Bromige was quoted as saying everyone was in the car "having the banter".
 
Jonathan Rees QC, prosecuting, said the speed of the Golf before Bromige braked was 80-88mph and if he had been travelling at the speed limit he would have been able to stop.
 
He drove away from the scene and abandoned the car.
 
The court heard Bromige rang his father and told him he had "done it this time". His father told him to hand himself in, which he did that day.
 
Kingston Crown Court was told Bromige was heard saying in prison: "Prison is easy. I've got my telly. Don't care how long I get." He kept newspaper clippings of the incident in his cell and showed them to other inmates.
 
A prison officer said Bromige asked him: "Do you know who I am? I'm the one on the news. The one who ran the policeman over.

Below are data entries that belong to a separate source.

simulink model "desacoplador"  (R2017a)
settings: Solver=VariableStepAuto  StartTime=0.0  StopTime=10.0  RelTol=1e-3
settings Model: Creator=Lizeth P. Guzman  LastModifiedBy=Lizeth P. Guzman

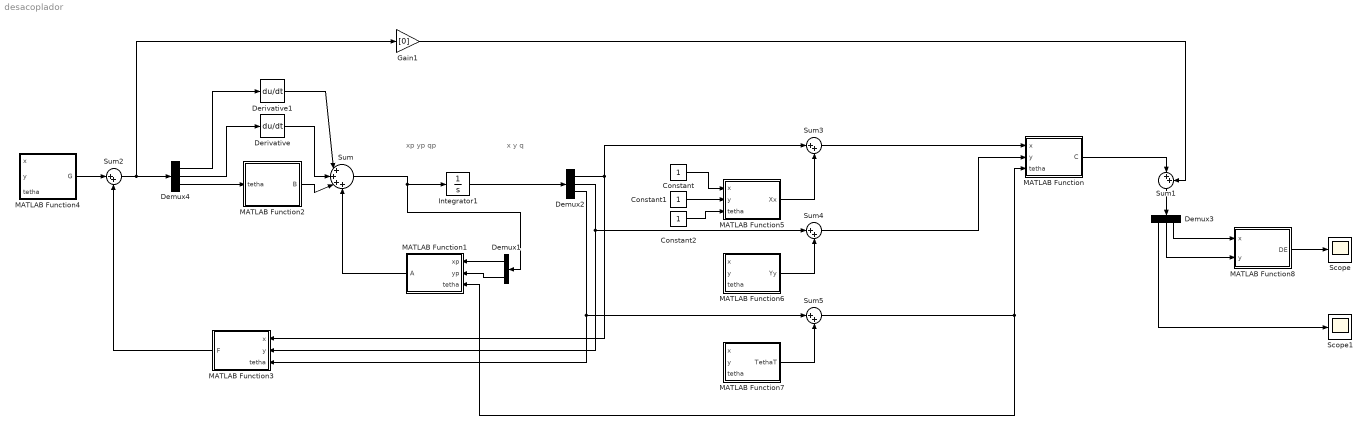
== system desacoplador ==
  note: x
      | y
      | q
  note: xp
      | yp
      | qp
  Constant : Constant
  Constant1 : Constant
  Constant2 : Constant
  Demux1 : Demux  Outputs=2
  Demux2 : Demux  Outputs=3
  Demux3 : Demux  Outputs=3
  Demux4 : Demux  Outputs=3
  Derivative : Derivative
  Derivative1 : Derivative
  Gain1 : Gain  Gain=[0]
  Integrator1 : Integrator
  MATLAB Function : MATLAB Function  TreatAsAtomicUnit=on
  MATLAB Function1 : MATLAB Function  TreatAsAtomicUnit=on
  MATLAB Function2 : MATLAB Function  TreatAsAtomicUnit=on
  MATLAB Function3 : MATLAB Function  TreatAsAtomicUnit=on
  MATLAB Function4 : MATLAB Function  TreatAsAtomicUnit=on
  MATLAB Function5 : MATLAB Function  TreatAsAtomicUnit=on
  MATLAB Function6 : MATLAB Function  TreatAsAtomicUnit=on
  MATLAB Function7 : MATLAB Function  TreatAsAtomicUnit=on
  MATLAB Function8 : MATLAB Function  TreatAsAtomicUnit=on
  Scope : Scope
  Scope1 : Scope
  Sum : Sum  Inputs=|++++
  Sum{1..5} (5 alike) : Sum  Inputs=|++
  wires:
  Sum/1 -> Integrator1/1, Demux1/1
  MATLAB Function4/1(G) -> Sum2/1
  MATLAB Function/1(C) -> Sum1/1
  Gain1/1 -> Sum1/2
  Sum5/1 -> MATLAB Function/3(tetha), MATLAB Function1/3(tetha)
  Integrator1/1 -> Demux2/1
  Demux1/2 -> MATLAB Function1/2(yp)
  Demux1/1 -> MATLAB Function1/1(xp)
  Sum2/1 -> Gain1/1, Demux4/1
  MATLAB Function3/1(F) -> Sum2/2
  Sum1/1 -> Demux3/1
  Demux3/1 -> Scope1/1
  Demux3/3 -> MATLAB Function8/1(x)
  Demux3/2 -> MATLAB Function8/2(y)
  Demux2/2 -> MATLAB Function3/2(y), Sum4/1
  MATLAB Function5/1(Xx) -> Sum3/2
  Demux2/1 -> MATLAB Function3/1(x), Sum3/1
  MATLAB Function7/1(TethaT) -> Sum5/2
  MATLAB Function6/1(Yy) -> Sum4/2
  Demux2/3 -> Sum5/1, MATLAB Function3/3(tetha)
  Sum3/1 -> MATLAB Function/1(x)
  Sum4/1 -> MATLAB Function/2(y)
  MATLAB Function8/1(DE) -> Scope/1
  Constant/1 -> MATLAB Function5/1(x)
  Constant1/1 -> MATLAB Function5/2(y)
  Constant2/1 -> MATLAB Function5/3(tetha)
  Demux4/3 -> MATLAB Function2/1(tetha)
  MATLAB Function1/1(A) -> Sum/4
  MATLAB Function2/1(B) -> Sum/3
  Demux4/1 -> Derivative1/1
  Demux4/2 -> Derivative/1
  Derivative/1 -> Sum/2
  Derivative1/1 -> Sum/1

== matlab function desacoplador/MATLAB Function1 ==
  data: xp input; A output; yp input; tetha input
function A = fcn(xp, yp, tetha)
%#codegen
v=sqrt((xp^2)+(yp^2));
w=atan2(yp,xp);
d=1;


A=[0 0 -v*sin(tetha)-(d*w*cos(tetha));
   0 0  v*cos(tetha)-(d*w*sin(tetha));
   0 0  0 ];

== matlab function desacoplador/MATLAB Function ==
  data: x input; C output; y input; tetha input
function C = fcn(x, y, tetha)
%#codegen

C=[(x)/(((x^2)+(y^2))^(1/2)) (y)/(((x^2)+(y^2))^(1/2)) 0;
    0 0 1 ];

== matlab function desacoplador/MATLAB Function2 ==
  data: B output; tetha input
function B = fcn(tetha)
%#codegen
d=1;
B=[cos(tetha) -d*sin(tetha);
   sin(tetha)  d*cos(tetha);
   0           1];

== matlab function desacoplador/MATLAB Function3 ==
  data: x input; F output; y input; tetha input
function F = fcn(x, y, tetha)
%#codegen
v=sqrt((x^2)+(y^2));
w=atan2(y,x);
d=1;
 
F=[ 0, 0, -((x^2 + y^2)^(1/2)*((x*(v*sin(tetha) + d*w*cos(tetha)))/(x^2 + y^2)^(1/2) - (y*(v*cos(tetha) - d*w*sin(tetha)))/(x^2 + y^2)^(1/2)))/(x*cos(tetha) + y*sin(tetha));
    0, 0,                                                                                                                                                                  0];

== matlab function desacoplador/MATLAB Function4 ==
  data: x input; y input; G output; tetha input
function  G = fcn(x, y, tetha)
%#codegen
d=1;
G =[ (x^2 + y^2)^(1/2)/(x*cos(tetha) + y*sin(tetha)), -(d*(y*cos(tetha) - x*sin(tetha)))/(x*cos(tetha) + y*sin(tetha));
                                                0,                                                                1];

== matlab function desacoplador/MATLAB Function5 ==
  data: x input; Xx output; y input; tetha input
function Xx = fcn(x, y, tetha)
%#codegen

== matlab function desacoplador/MATLAB Function6 ==
  data: x input; Yy output; y input; tetha input
function Yy = fcn(x, y, tetha)
%#codegen

== matlab function desacoplador/MATLAB Function7 ==
  data: x input; TethaT output; y input; tetha input
function TethaT = fcn(x, y, tetha)
%#codegen

== matlab function desacoplador/MATLAB Function8 ==
  data: x input; DE output; y input
function DE = fcn(x, y)
%#codegen

DE=sqrt((x^2)+(y^2));

I'm probably on telly all over the world."
 
Bromige pleaded guilty in December to causing death by dangerous driving, causing death while uninsured, causing death while unlicensed, failing to stop at the scene of an accident and failing to report an accident.
 
Sentencing him, Judge Nicholas Price QC said society and Mr Duncan's family had been "robbed of a man in the prime of his life who had so much to offer".
 
"I struggle to find anything of real benefit to be said on your behalf," he said to Bromige.
 
Mr Duncan's wife Claire said their lives had been "changed completely" by his "devastating" death.
 
"They (his children) are struggling with this every day. My daughter has said that she is so upset that her dad had so much more to teach her. My son has said that he no longer wants to learn to drive. Not having their dad around will affect them forever."